Plate Tectonics: The Modern Update to Continental Drift
Plate tectonics is the modern update to the idea of continental drift, which had been proposed by Alfred Wegener in 1912. This theory, first developed in the 1950s and 1970s, explains how the continents move around Earth's surface and how it can be shaped over geologic time.
The Lithosphere and the Movement of Plates
The outer layer of the Earth, called the lithosphere, is broken into a jigsaw puzzle of large and small plates -- slabs of rock with both continents and seafloor that slide atop a hot, slowly swirling inner layer. Moving at rates of 2 to 10 centimeters per year, some plates collide, some diverge and some grind past one another.
Formation of New Seafloor and Volcanoes
Some of these movements create new seafloor along submarine mountain ranges called spreading ridges and can form chains of volcanoes. Others push against each other and subduct, or slide beneath, one another to form a deep trench that is drawn into the Earth's mantle, where magma rises and volcanoes grow.
Locations and Effects of Plate Movements
These motions occur at many locations on Earth, including ocean ridges, subduction zones and transform faults. They produce earthquakes, mountains, and the uplift and sinking of land. Throughout the world's oceans, Earth's tectonic plates are bounded by mid-ocean ridges and subduction zones (partly collisional boundaries), as well as transform faults. The motion of these boundaries is the basis for the movement of the lithosphere, which forms a mosaic of plates ranging in thickness from 50 to more than 200 km thick.
The Role of Plate Tectonics in Shaping Earth's Surface
The motions of these plates cause rifting and uplift, but also make the Earth's surface look the way it does today. This enables geoscientists to track Earth's history, and understand how Earth has changed over time. There are 15 to 20 major and minor plates on Earth, depending on how they're defined. These include the North American, South American and Pacific plates as well as dozens of smaller ones. Most scientists think plate tectonics took over from earlier planetary development about 3 billion years ago, based on ancient magmas and minerals preserved in rocks from that period. However, researchers have found evidence that the process could have been active for as long as 4 billion years.

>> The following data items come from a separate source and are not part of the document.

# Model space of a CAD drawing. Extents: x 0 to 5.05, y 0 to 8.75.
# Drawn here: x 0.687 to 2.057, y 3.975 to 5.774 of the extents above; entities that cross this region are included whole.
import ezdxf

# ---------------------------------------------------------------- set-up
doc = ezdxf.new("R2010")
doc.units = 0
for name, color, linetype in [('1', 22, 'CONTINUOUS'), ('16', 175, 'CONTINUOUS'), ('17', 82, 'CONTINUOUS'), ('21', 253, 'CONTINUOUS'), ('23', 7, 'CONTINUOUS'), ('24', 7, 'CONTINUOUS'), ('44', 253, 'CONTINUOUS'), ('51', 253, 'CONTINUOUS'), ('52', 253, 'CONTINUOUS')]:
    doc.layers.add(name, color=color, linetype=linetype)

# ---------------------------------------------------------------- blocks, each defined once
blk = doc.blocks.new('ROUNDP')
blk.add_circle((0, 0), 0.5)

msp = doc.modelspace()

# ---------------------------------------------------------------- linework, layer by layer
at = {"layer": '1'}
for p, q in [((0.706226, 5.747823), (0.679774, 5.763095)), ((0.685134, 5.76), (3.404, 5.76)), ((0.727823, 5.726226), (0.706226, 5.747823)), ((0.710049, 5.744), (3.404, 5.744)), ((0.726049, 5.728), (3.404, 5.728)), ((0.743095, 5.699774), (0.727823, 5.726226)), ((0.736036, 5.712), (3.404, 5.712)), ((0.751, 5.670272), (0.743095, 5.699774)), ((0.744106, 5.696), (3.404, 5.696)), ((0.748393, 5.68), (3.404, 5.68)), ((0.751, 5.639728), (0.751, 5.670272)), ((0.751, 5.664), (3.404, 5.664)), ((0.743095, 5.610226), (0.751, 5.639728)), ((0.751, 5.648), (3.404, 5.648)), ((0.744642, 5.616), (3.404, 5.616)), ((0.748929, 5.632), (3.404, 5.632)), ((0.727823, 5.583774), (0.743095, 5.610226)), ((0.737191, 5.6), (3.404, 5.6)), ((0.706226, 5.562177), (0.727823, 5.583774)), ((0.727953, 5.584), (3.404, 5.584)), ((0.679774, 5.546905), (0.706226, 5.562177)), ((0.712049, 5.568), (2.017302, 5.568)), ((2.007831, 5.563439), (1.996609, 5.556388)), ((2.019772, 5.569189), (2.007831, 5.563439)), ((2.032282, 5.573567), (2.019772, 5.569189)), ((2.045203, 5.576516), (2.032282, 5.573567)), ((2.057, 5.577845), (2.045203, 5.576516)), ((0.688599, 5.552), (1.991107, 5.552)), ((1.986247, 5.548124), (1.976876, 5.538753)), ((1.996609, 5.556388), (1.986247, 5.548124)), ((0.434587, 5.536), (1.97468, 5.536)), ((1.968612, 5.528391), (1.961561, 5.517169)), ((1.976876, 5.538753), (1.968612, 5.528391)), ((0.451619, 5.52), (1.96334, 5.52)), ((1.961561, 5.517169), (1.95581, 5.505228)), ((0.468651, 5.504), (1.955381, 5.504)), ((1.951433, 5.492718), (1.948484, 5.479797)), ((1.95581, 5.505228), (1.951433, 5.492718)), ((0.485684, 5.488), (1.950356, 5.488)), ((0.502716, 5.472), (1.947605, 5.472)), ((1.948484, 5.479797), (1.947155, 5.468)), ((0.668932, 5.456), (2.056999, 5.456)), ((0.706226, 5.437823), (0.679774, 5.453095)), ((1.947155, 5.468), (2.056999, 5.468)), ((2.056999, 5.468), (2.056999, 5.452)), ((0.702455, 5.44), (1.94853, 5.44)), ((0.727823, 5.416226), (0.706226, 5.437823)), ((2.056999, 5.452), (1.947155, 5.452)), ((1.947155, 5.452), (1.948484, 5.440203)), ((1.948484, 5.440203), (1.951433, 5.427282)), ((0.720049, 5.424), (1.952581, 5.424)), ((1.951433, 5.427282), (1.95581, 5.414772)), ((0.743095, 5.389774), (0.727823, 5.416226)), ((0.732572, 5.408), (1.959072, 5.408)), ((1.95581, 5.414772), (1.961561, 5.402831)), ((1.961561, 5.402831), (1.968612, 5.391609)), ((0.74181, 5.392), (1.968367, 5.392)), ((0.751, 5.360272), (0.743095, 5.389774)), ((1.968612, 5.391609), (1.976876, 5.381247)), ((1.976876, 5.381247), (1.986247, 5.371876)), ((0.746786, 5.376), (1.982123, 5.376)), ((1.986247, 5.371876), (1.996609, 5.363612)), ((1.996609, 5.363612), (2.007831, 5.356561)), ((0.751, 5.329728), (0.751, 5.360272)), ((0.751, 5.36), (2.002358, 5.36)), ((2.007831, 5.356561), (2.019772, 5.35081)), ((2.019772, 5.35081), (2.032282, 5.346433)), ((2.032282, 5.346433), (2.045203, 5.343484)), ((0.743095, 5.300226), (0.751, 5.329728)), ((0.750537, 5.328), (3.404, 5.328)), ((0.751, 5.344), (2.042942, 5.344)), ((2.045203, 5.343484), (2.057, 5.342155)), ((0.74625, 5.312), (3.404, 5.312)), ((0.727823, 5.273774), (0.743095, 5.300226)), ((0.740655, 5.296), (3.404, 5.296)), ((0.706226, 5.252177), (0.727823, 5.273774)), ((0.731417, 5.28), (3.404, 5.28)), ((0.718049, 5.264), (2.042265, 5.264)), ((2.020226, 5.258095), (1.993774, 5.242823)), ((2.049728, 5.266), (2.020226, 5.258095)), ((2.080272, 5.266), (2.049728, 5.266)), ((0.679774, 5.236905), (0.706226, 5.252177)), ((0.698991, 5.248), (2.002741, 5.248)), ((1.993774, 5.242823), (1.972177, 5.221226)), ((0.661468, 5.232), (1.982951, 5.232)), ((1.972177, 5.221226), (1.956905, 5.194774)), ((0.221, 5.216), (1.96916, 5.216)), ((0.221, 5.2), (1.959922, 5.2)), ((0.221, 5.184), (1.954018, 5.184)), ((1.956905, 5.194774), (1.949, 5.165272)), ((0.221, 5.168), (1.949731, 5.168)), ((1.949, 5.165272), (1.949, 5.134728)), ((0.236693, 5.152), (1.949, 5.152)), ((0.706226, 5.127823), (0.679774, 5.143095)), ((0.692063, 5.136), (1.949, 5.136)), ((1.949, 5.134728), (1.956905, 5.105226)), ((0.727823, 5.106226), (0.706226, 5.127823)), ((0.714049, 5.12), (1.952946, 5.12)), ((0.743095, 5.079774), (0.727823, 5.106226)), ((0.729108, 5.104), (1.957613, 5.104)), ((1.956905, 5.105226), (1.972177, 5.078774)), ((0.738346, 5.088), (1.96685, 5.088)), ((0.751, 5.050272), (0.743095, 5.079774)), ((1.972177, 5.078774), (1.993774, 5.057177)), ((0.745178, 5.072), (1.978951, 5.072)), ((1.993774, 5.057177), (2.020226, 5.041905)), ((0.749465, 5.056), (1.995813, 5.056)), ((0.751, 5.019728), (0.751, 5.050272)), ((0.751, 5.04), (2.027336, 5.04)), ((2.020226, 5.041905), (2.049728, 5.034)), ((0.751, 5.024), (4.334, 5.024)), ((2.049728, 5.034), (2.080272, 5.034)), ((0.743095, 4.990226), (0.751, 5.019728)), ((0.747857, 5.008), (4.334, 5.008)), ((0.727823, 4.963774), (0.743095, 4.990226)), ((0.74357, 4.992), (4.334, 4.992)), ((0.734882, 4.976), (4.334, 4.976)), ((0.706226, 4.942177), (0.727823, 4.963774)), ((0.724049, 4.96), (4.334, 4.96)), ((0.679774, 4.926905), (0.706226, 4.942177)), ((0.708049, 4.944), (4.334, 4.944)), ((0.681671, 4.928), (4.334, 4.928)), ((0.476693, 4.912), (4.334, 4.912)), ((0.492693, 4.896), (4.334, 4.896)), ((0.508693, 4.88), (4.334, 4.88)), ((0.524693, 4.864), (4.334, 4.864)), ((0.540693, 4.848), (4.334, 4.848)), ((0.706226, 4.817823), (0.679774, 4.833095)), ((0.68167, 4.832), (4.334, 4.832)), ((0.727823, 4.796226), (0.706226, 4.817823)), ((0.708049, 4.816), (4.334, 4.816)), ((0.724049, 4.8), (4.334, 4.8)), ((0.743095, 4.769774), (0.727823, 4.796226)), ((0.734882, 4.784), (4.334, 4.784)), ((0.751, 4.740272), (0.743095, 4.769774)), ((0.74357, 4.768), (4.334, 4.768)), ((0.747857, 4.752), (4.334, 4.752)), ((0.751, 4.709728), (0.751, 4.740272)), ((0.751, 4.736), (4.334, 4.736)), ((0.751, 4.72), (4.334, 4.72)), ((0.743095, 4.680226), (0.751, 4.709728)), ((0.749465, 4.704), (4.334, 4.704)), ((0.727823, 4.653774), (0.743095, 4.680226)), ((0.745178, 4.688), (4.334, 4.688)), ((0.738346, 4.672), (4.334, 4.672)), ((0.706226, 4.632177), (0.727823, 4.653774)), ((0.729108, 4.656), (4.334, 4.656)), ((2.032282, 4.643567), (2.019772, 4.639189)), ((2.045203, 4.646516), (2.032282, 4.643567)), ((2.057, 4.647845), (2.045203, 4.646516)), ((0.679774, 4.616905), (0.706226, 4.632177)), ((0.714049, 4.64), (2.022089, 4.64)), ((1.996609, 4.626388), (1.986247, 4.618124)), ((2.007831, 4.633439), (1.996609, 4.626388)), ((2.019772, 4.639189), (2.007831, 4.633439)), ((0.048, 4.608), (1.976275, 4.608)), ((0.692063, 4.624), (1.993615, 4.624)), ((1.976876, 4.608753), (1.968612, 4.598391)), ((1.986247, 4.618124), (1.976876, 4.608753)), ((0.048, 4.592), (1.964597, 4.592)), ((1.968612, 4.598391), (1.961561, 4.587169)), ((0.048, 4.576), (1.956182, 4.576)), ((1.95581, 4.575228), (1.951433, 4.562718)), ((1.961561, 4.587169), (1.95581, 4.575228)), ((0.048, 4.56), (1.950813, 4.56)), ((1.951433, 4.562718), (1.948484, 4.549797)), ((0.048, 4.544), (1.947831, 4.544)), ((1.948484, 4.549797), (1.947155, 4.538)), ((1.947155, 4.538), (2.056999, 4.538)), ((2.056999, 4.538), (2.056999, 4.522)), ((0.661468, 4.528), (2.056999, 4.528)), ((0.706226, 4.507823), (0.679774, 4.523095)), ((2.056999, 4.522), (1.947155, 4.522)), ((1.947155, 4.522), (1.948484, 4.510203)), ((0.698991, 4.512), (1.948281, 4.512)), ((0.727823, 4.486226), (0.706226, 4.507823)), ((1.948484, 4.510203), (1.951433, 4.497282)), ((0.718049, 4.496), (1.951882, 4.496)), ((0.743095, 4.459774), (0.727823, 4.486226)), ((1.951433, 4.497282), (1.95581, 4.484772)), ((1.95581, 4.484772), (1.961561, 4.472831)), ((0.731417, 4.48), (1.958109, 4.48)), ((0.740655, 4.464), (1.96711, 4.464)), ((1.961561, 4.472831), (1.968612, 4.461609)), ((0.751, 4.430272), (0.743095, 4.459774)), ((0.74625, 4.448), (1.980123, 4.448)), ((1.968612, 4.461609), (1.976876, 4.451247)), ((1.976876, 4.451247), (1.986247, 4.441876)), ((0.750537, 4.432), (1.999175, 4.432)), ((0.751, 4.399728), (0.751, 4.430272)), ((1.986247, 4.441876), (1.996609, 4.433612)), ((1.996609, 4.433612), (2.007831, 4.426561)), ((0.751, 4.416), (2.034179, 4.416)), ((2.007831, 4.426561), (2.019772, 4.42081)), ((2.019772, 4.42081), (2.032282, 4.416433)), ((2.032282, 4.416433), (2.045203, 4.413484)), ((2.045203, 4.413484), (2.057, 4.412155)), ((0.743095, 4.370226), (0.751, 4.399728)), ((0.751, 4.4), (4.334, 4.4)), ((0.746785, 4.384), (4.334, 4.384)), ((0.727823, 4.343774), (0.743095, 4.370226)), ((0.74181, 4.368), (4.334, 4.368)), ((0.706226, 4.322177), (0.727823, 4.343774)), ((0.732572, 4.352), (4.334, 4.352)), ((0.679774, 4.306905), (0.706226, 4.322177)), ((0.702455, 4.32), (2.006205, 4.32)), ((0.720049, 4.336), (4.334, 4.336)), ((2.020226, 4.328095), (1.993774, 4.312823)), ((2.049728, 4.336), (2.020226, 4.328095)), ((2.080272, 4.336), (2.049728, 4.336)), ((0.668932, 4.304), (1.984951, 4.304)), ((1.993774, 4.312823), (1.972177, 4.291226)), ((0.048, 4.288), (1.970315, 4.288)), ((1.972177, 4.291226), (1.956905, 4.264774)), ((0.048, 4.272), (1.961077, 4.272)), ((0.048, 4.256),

Driving Forces and Satellite Data
A major driving force of plate motion is the weight of cold, dense oceanic plates that sink into deep rifts in the Earth's mantle. Other forces, such as "slab pull," are thought to be responsible for a smaller percentage of the motion. Increasingly, scientists are using satellite data to determine the motion of the planet's plates and are able to calculate plate margins more accurately than ever before. But there's still a lot to learn about the role that plate tectonics plays in forming the Earth's crust and interior.
Interactions Among Earth's Plates
There are three main types of interactions among the plates on Earth, namely divergent boundaries where continents drift apart and mountains form, convergent boundaries where two continents collide and volcanic arcs form, and transform boundaries where the plates grind past one another and strike-slip faults create. In each case, these plate-based interactions can cause earthquakes, uplift and sinking of land, and formation of new ocean floor.